▸ WHAT TO DO
From the data below, retype exactly the lines starting with the one that contains "ZZR2=param.ZZR2;" and ending with the one that contains "JW12 = QP2*XZR2 + WI12*XXR2 + WI22*XY2;", both included.
>>
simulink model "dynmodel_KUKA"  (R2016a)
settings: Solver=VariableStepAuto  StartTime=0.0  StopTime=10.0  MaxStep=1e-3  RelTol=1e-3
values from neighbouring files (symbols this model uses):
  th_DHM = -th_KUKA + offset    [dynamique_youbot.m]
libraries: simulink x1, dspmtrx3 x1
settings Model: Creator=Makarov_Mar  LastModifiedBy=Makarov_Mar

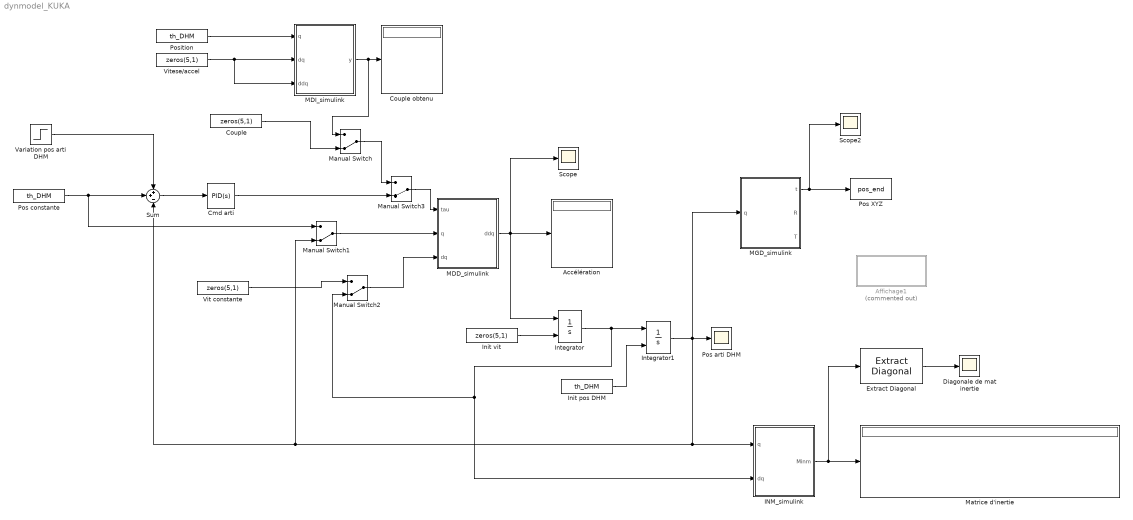
== system dynmodel_KUKA ==
  Accélération : Display
  Affichage1 : Subsystem  Commented=on  StopFcn=|
      | tps_sim =  pos_end.time;
      | PendX = pos_end.signals.values(:,1);
      | PendY = pos_end.signals.values(:,2);
      | PendZ = pos_end.signals.values(:,3);
      | 
      | figure(20)
      | for k = 1:70:length(tps_sim)
      |   figure(20)
      |   plot3(0,0,0,'r.','markersize',20); grid on; hold on
      |   axis([-0.7 0.7 -0.7 0.7 -1 +1])
      |   plot3(PendX(k),PendY(k),PendZ(k),'b.','markersize',10)
      |   xlabel('xB'); ylabel('yB'); zlabel('zB')
      |   title('xend : vert, yend : cyan, zend : rouge') 
      |   pause(0.1)
      | end
  Cmd arti : simulink/Continuous/PID Controller  Controller=PID  TimeDomain=Continuous-time  SampleTime=-1  IntegratorMethod=Forward Euler  FilterMethod=Forward Euler  Form=Parallel  UseFilter=on  ControllerParametersSource=internal  P=Kp.'  I=zeros(5,1)  D=Kd.'  N=10  InitialConditionSource=internal  InitialConditionForIntegrator=0  InitialConditionForFilter=0  ExternalReset=none  LimitOutput=off  UpperSaturationLimit=inf  LowerSaturationLimit=-inf  LinearizeAsGain=on  AntiWindupMode=none  Kb=1  TrackingMode=off  Kt=1  PParamMin=[]  PParamMax=[]  IParamMin=[]  IParamMax=[]  DParamMin=[]  DParamMax=[]  NParamMin=[]  NParamMax=[]  KbParamMin=[]  KbParamMax=[]  KtParamMin=[]  KtParamMax=[]  POutMin=[]  POutMax=[]  IOutMin=[]  IOutMax=[]  DOutMin=[]  DOutMax=[]  NOutMin=[]  NOutMax=[]  KbOutMin=[]  KbOutMax=[]  KtOutMin=[]  KtOutMax=[]  IntegratorOutMin=[]  IntegratorOutMax=[]  FilterOutMin=[]  FilterOutMax=[]  SumOutMin=[]  SumOutMax=[]  SumI1OutMin=[]  SumI1OutMax=[]  SumI2OutMin=[]  SumI2OutMax=[]  SumI3OutMin=[]  SumI3OutMax=[]  SumDOutMin=[]  SumDOutMax=[]  SaturationOutMin=[]  SaturationOutMax=[]  IntegratorContinuousStateAttributes=''  IntegratorStateMustResolveToSignalObject=off  IntegratorRTWStateStorageClass=Auto  FilterContinuousStateAttributes=''  FilterStateMustResolveToSignalObject=off  FilterRTWStateStorageClass=Auto  DifferentiatorICPrevScaledInput=0  DifferentiatorOutMin=[]  DifferentiatorOutMax=[]
  Couple : Constant  Value=zeros(5,1)  VectorParams1D=off
  Couple obtenu : Display
  Diagonale de mat inertie : Scope
  Extract Diagonal : dspmtrx3/Extract Diagonal
  INM_simulink : MATLAB Function  TreatAsAtomicUnit=on
  Init pos DHM : Constant  Value=th_DHM  VectorParams1D=off
  Init vit : Constant  Value=zeros(5,1)  VectorParams1D=off
  Integrator : Integrator  InitialConditionSource=external
  Integrator1 : Integrator  InitialConditionSource=external
  MDD_simulink : MATLAB Function  TreatAsAtomicUnit=on
  MDI_simulink : MATLAB Function  TreatAsAtomicUnit=on
  MGD_simulink : MATLAB Function  TreatAsAtomicUnit=on
  Manual Switch{,1..3} (4 alike) : ManualSwitch  CurrentSetting=0
  Matrice d'inertie : Display
  Pos XYZ : ToWorkspace  VariableName=pos_end  SaveFormat=Structure With Time  SampleTime=-1
  Pos arti DHM : Scope
  Pos constante : Constant  Value=th_DHM  VectorParams1D=off
  Position : Constant  Value=th_DHM  VectorParams1D=off
  Scope : Scope
  Scope2 : Scope
  Sum : Sum  Inputs=++-
  Variation pos arti DHM : Step  After=[0 pi/2 0 0 0]  SampleTime=0
  Vit constante : Constant  Value=zeros(5,1)  VectorParams1D=off
  Vitese/accel : Constant  Value=zeros(5,1)  VectorParams1D=off
  wires:
  Vitese/accel/1 -> MDI_simulink/2(dq), MDI_simulink/3(ddq)
  Position/1 -> MDI_simulink/1(q)
  MDI_simulink/1(y) -> Manual Switch/1, Couple obtenu/1
  MDD_simulink/1(ddq) -> Integrator/1, Scope/1, Accélération/1
  Couple/1 -> Manual Switch/2
  Integrator/1 -> INM_simulink/2(dq), Manual Switch2/2, Integrator1/1
  Init vit/1 -> Integrator/2
  Init pos DHM/1 -> Integrator1/2
  Pos constante/1 -> Sum/2, Manual Switch1/1
  Manual Switch1/1 -> MDD_simulink/2(q)
  Vit constante/1 -> Manual Switch2/1
  Manual Switch2/1 -> MDD_simulink/3(dq)
  Integrator1/1 -> MGD_simulink/1(q), Sum/3, Manual Switch1/2, INM_simulink/1(q), Pos arti DHM/1
  MGD_simulink/1(t) -> Scope2/1, Pos XYZ/1
  INM_simulink/1(Minm) -> Extract Diagonal/1, Matrice d'inertie/1
  Extract Diagonal/1 -> Diagonale de mat inertie/1
  Manual Switch/1 -> Manual Switch3/1
  Manual Switch3/1 -> MDD_simulink/1(tau)
  Cmd arti/1 -> Manual Switch3/2
  Sum/1 -> Cmd arti/1
  Variation pos arti DHM/1 -> Sum/1

== system dynmodel_KUKA/Affichage1 ==

== matlab function dynmodel_KUKA/MDD_simulink ==
  data: tau input; q input; dq input; ddq output size=5; param parameter
function ddq = fcn(tau,q,dq, param)

th1 = q(1);
th2 = q(2);
th3 = q(3);
th4 = q(4);
th5 = q(5);

QP1 = dq(1);
QP2 = dq(2);
QP3 = dq(3);
QP4 = dq(4);
QP5 = dq(5);

GAM1 =tau(1);
GAM2 =tau(2);
GAM3 =tau(3);
GAM4 =tau(4);
GAM5 = tau(5);

% introduction des paramètres
GZ=param.GZ;
XXR2=param.XXR2;
XXR3=param.XXR3;
XXR4=param.XXR4;
XXR5=param.XXR5;
XY2=param.XY2;
XY3=param.XY3;
XY4=param.XY4;
XY5=param.XY5;
XZR2=param.XZR2;
XZR3=param.XZR3;
XZ4=param.XZ4;
XZ5=param.XZ5;
YZ2=param.YZ2;
YZ3=param.YZ3;
YZ4=param.YZ4;
YZ5=param.YZ5;
ZZR1=param.ZZR1;
ZZR2=param.ZZR2;
ZZR3=param.ZZR3;
ZZR4=param.ZZR4;
ZZ5=param.ZZ5;
MXR2=param.MXR2;
MXR3=param.MXR3;
MX4=param.MX4;
MX5=param.MX5;
MY2=param.MY2;
MY3=param.MY3;
MYR4=param.MYR4;
MY5=param.MY5;
IA3=param.IA3;
IA4=param.IA4;
IA5=param.IA5;
FV1=param.FV1;
FV2=param.FV2;
FV3=param.FV3;
FV4=param.FV4;
FV5=param.FV5;
FS1=param.FS1;
FS2=param.FS2;
FS3=param.FS3;
FS4=param.FS4;
FS5=param.FS5;
d1=param.d1;
r1=param.r1;
d2=param.d2;
d3=param.d3;
d4=param.d4;

FX5=0;
FY5=0;
FZ5=0;
CX5=0;
CY5=0;
CZ5=0;

% code généré OpenSymoro
C1 = cos(th1);
S1 = sin(th1);
C2 = cos(th2);
S2 = sin(th2);
C3 = cos(th3);
S3 = sin(th3);
C4 = cos(th4);
S4 = sin(th4);
C5 = cos(th5);
S5 = sin(th5);
WI12 = QP1*S2;
WI22 = C2*QP1;
WQ12 = QP2*WI22;
WQ22 = -QP2*WI12;
LW12 = -C2*QP1^2*d2;
LW22 = QP1^2*S2*d2;
JW12 = QP2*XZR2 + WI12*XXR2 + WI22*XY2;
JW22 = QP2*YZ2 + WI12*XY2;
JW32 = QP2*ZZR2 + WI12*XZR2 + WI22*YZ2;
KW12 = -JW22*QP2 + JW32*WI22;
KW22 = JW12*QP2 - JW32*WI12;
KW32 = -JW12*WI22 + JW22*WI12;
SW12 = -MXR2*QP2^2 + WI22*(-MXR2*WI22 + MY2*WI12);
SW22 = -MY2*QP2^2 - WI12*(-MXR2*WI22 + MY2*WI12);
SW32 = MXR2*QP2*WI12 + MY2*QP2*WI22;
WI13 = C3*WI12 + S3*WI22;
WI23 = C3*WI22 - S3*WI12;
W33 = QP2 + QP3;
JPR133 = S3*d3;
JPR233 = C3*d3;
WQ13 = QP3*WI23;
WQ23 = -QP3*WI13;
LW13 = C3*(-QP2^2*d3 - WI22^2*d3) + S3*WI12*WI22*d3;
LW23 = C3*WI12*WI22*d3 - S3*(-QP2^2*d3 - WI22^2*d3);
LW33 = QP2*WI12*d3;
JW13 = W33*XZR3 + WI13*XXR3 + WI23*XY3;
JW23 = W33*YZ3 + WI13*XY3;
JW33 = W33*ZZR3 + WI13*XZR3 + WI23*YZ3;
KW13 = -JW23*W33 + JW33*WI23;
KW23 = JW13*W33 - JW33*WI13;
KW33 = -JW13*WI23 + JW23*WI13;
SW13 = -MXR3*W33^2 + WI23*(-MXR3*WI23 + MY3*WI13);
<<
▸ RESULT OF THE TASK
ZZR2=param.ZZR2;
ZZR3=param.ZZR3;
ZZR4=param.ZZR4;
ZZ5=param.ZZ5;
MXR2=param.MXR2;
MXR3=param.MXR3;
MX4=param.MX4;
MX5=param.MX5;
MY2=param.MY2;
MY3=param.MY3;
MYR4=param.MYR4;
MY5=param.MY5;
IA3=param.IA3;
IA4=param.IA4;
IA5=param.IA5;
FV1=param.FV1;
FV2=param.FV2;
FV3=param.FV3;
FV4=param.FV4;
FV5=param.FV5;
FS1=param.FS1;
FS2=param.FS2;
FS3=param.FS3;
FS4=param.FS4;
FS5=param.FS5;
d1=param.d1;
r1=param.r1;
d2=param.d2;
d3=param.d3;
d4=param.d4;

FX5=0;
FY5=0;
FZ5=0;
CX5=0;
CY5=0;
CZ5=0;

% code généré OpenSymoro
C1 = cos(th1);
S1 = sin(th1);
C2 = cos(th2);
S2 = sin(th2);
C3 = cos(th3);
S3 = sin(th3);
C4 = cos(th4);
S4 = sin(th4);
C5 = cos(th5);
S5 = sin(th5);
WI12 = QP1*S2;
WI22 = C2*QP1;
WQ12 = QP2*WI22;
WQ22 = -QP2*WI12;
LW12 = -C2*QP1^2*d2;
LW22 = QP1^2*S2*d2;
JW12 = QP2*XZR2 + WI12*XXR2 + WI22*XY2;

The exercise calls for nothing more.